Der Antrag der Linksfraktion Spandau (Drs. 0884/XX), das Nahversorgungszentrum Schönwalder Straße mit einem Drogeriemarkt aufzuwerten, wurde im Wirtschaftsausschuss am 14.02.2019 endgültig abgelehnt. Dies wurde erst durch die kommentarlose Enthaltung der SPD ermöglicht.

Dazu Lars Leschewitz, Fraktionsvorsitzender der Linksfraktion: „Das Umfallen der SPD ist mir völlig unverständlich. Da entsteht schon der Eindruck, dass die Sozialdemokraten nicht immer wissen was sie wollen und im Zweifel gerne den Weg des geringsten Widerstands wählen. Und auch wenn das Bezirksamt keine direkten Einflussmöglichkeiten hat, ist unverständlich, warum nicht einmal Gespräche mit potenziellen Anbietern geführt und geeignete Flächen gesucht werden sollen. Aktive Wirtschaftspolitik des Bezirkes sieht anders aus."

Das Nahversorgungszentrum Schönwalder Straße ist eines der schwächsten in ganz Spandau. Das geht auch aus den Untersuchungen zum Einzelhandelskonzept des Bezirks hervor. Eine Stärkung des Zentrums wäre die Ansiedlung eines Drogeriemarktes, den die Bürgerinnen und Bürger dort vermissen. Auch in anderen Ortsteilen hat ein solcher Markt bereits die Nahversorgung aufgewertet.
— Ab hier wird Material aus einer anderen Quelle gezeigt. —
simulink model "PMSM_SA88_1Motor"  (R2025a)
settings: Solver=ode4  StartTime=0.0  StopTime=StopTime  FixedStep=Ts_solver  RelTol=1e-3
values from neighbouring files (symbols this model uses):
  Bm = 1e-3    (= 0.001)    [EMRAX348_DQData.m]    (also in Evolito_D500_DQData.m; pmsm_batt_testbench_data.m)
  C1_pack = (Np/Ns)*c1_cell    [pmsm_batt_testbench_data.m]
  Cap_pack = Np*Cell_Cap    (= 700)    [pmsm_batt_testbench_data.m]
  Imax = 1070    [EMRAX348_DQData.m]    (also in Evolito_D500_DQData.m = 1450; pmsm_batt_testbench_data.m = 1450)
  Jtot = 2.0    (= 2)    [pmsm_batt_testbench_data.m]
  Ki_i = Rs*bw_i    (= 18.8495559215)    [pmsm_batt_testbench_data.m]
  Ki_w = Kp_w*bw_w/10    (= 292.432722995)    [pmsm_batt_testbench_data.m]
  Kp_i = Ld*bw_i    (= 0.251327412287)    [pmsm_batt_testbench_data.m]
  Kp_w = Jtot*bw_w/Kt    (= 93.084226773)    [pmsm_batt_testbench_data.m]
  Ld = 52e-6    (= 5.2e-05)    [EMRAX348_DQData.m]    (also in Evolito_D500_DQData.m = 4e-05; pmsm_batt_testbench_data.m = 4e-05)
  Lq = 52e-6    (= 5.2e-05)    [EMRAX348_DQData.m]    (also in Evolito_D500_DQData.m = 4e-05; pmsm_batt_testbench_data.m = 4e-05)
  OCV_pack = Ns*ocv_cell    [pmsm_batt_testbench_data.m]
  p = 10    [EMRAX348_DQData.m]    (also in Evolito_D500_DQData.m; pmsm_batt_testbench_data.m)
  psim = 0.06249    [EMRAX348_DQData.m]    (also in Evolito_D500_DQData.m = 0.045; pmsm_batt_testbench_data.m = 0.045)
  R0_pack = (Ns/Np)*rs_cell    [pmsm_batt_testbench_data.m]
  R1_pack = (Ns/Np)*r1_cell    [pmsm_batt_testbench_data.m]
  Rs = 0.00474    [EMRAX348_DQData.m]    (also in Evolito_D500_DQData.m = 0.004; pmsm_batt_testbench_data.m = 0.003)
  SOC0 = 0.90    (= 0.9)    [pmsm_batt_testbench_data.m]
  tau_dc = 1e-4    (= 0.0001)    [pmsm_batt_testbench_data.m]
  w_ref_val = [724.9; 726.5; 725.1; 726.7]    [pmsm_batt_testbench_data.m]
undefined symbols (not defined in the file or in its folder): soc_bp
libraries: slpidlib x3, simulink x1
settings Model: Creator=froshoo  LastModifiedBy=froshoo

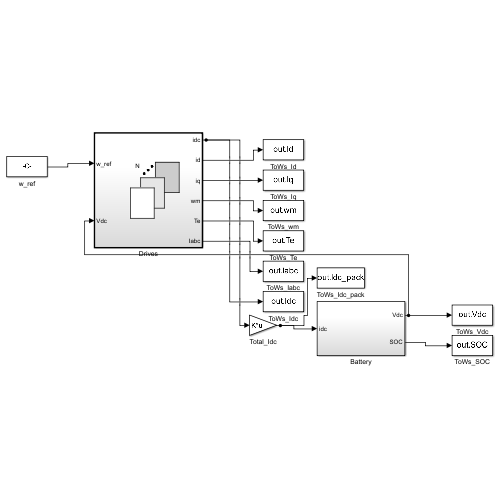
[thumbnail: Simulink's stored preview of the top-level diagram]
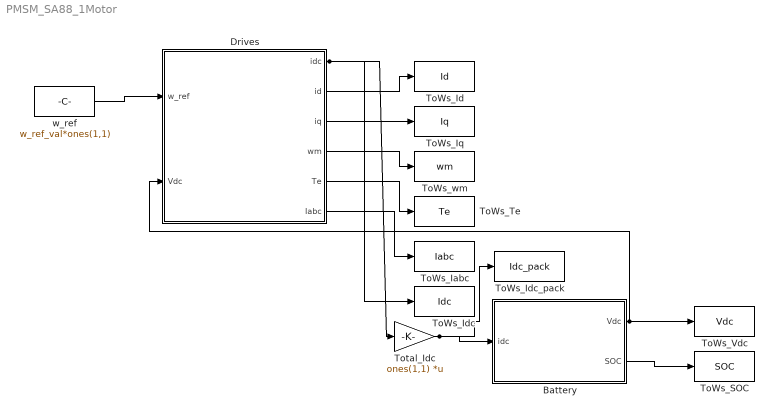
== system PMSM_SA88_1Motor ==
  Battery : Subsystem
  Drives : Subsystem  TreatAsAtomicUnit=on
  ToWs_Iabc : ToWorkspace  VariableName=Iabc  SaveFormat=Timeseries  SampleTime=-1
  ToWs_Id : ToWorkspace  VariableName=Id  SaveFormat=Timeseries  SampleTime=-1
  ToWs_Idc : ToWorkspace  VariableName=Idc  SaveFormat=Timeseries  SampleTime=-1
  ToWs_Idc_pack : ToWorkspace  VariableName=Idc_pack  SaveFormat=Timeseries  SampleTime=-1
  ToWs_Iq : ToWorkspace  VariableName=Iq  SaveFormat=Timeseries  SampleTime=-1
  ToWs_SOC : ToWorkspace  VariableName=SOC  SaveFormat=Timeseries  SampleTime=-1
  ToWs_Te : ToWorkspace  VariableName=Te  SaveFormat=Timeseries  SampleTime=-1
  ToWs_Vdc : ToWorkspace  VariableName=Vdc  SaveFormat=Timeseries  SampleTime=-1
  ToWs_wm : ToWorkspace  VariableName=wm  SaveFormat=Timeseries  SampleTime=-1
  Total_Idc : Gain  Gain=ones(1,1)  Multiplication=Matrix(K*u)
  w_ref : Constant  Value=w_ref_val*ones(1,1)
  wires:
  w_ref/1 -> Drives/1(w_ref)
  Battery/1(Vdc) -> Drives/2(Vdc), ToWs_Vdc/1
  Drives/1(idc) -> Total_Idc/1, ToWs_Idc/1
  Total_Idc/1 -> Battery/1(idc), ToWs_Idc_pack/1
  Drives/2(id) -> ToWs_Id/1
  Drives/3(iq) -> ToWs_Iq/1
  Drives/4(wm) -> ToWs_wm/1
  Drives/5(Te) -> ToWs_Te/1
  Drives/6(Iabc) -> ToWs_Iabc/1
  Battery/2(SOC) -> ToWs_SOC/1

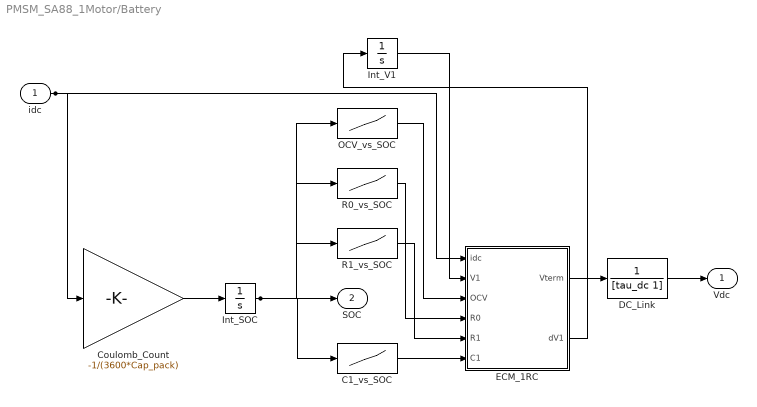
== system PMSM_SA88_1Motor/Battery ==
  idc : Inport
  C1_vs_SOC : Lookup_n-D  NumberOfTableDimensions=1  BreakpointsForDimension1=soc_bp  Table=C1_pack  InternalRulePriority=Speed  RndMeth=Simplest
  Coulomb_Count : Gain  Gain=-1/(3600*Cap_pack)
  DC_Link : TransferFcn  Denominator=[tau_dc 1]
  ECM_1RC : MATLAB Function  TreatAsAtomicUnit=on
  Int_SOC : Integrator  InitialCondition=SOC0
  Int_V1 : Integrator
  OCV_vs_SOC : Lookup_n-D  NumberOfTableDimensions=1  BreakpointsForDimension1=soc_bp  Table=OCV_pack  InternalRulePriority=Speed  RndMeth=Simplest
  R0_vs_SOC : Lookup_n-D  NumberOfTableDimensions=1  BreakpointsForDimension1=soc_bp  Table=R0_pack  InternalRulePriority=Speed  RndMeth=Simplest
  R1_vs_SOC : Lookup_n-D  NumberOfTableDimensions=1  BreakpointsForDimension1=soc_bp  Table=R1_pack  InternalRulePriority=Speed  RndMeth=Simplest
  Vdc : Outport
  SOC : Outport  Port=2
  wires:
  Int_V1/1 -> ECM_1RC/2(V1)
  idc/1 -> ECM_1RC/1(idc), Coulomb_Count/1
  Coulomb_Count/1 -> Int_SOC/1
  R0_vs_SOC/1 -> ECM_1RC/4(R0)
  Int_SOC/1 -> R0_vs_SOC/1, OCV_vs_SOC/1, SOC/1, C1_vs_SOC/1, R1_vs_SOC/1
  OCV_vs_SOC/1 -> ECM_1RC/3(OCV)
  R1_vs_SOC/1 -> ECM_1RC/5(R1)
  C1_vs_SOC/1 -> ECM_1RC/6(C1)
  ECM_1RC/2(dV1) -> Int_V1/1
  ECM_1RC/1(Vterm) -> DC_Link/1
  DC_Link/1 -> Vdc/1

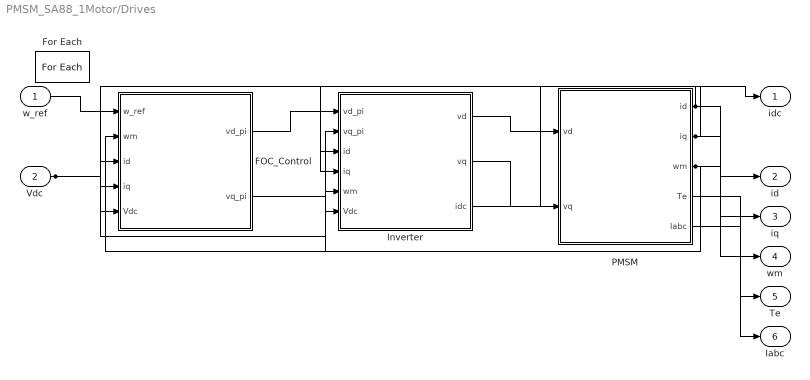
== system PMSM_SA88_1Motor/Drives ==
  w_ref : Inport  Partition=on  PartitionDimension=1  PartitionWidth=1  PartitionOffset=0
  Vdc : Inport  Port=2
  FOC_Control : Subsystem
  For Each : ForEach  DisableCoverage=on  SpecifiedNumIters=1
  Inverter : Subsystem
  PMSM : Subsystem
  idc : Outport  ConcatenationDimension=1
  id : Outport  Port=2  ConcatenationDimension=1
  iq : Outport  Port=3  ConcatenationDimension=1
  wm : Outport  Port=4  ConcatenationDimension=1
  Te : Outport  Port=5  ConcatenationDimension=1
  Iabc : Outport  Port=6  ConcatenationDimension=1
  wires:
  w_ref/1 -> FOC_Control/1(w_ref)
  PMSM/3(wm) -> FOC_Control/2(wm), Inverter/5(wm), wm/1
  PMSM/1(id) -> FOC_Control/3(id), Inverter/3(id), id/1
  PMSM/2(iq) -> FOC_Control/4(iq), Inverter/4(iq), iq/1
  Vdc/1 -> FOC_Control/5(Vdc), Inverter/6(Vdc)
  FOC_Control/1(vd_pi) -> Inverter/1(vd_pi)
  FOC_Control/2(vq_pi) -> Inverter/2(vq_pi)
  Inverter/1(vd) -> PMSM/1(vd)
  Inverter/2(vq) -> PMSM/2(vq)
  Inverter/3(idc) -> idc/1
  PMSM/4(Te) -> Te/1
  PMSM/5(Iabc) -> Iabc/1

Aus diesem Grund hatte die Linksfraktion bereits am 04.07.2018 einen entsprechender Antrag in der BVV Spandau gestellt, der dann in den Wirtschaftsausschuss überwiesen, jedoch dort von den Fraktionen der CDU, FDP und AfD am 11.10.2018 abgelehnt wurde. In der BVV-Sitzung vom 23.01.2019 wurde der Antrag aufgrund der Mehrheitsverhältnisse wieder zurück in den Wirtschaftsausschuss überwiesen.

In der Beratung des Wirtschaftsausschusses am 14.02.2019 wurde der Antrag endgültig abgelehnt. Dies geschah durch das Einknicken der SPD, die durch ihre Enthaltung das Projekt zum Scheitern brachte.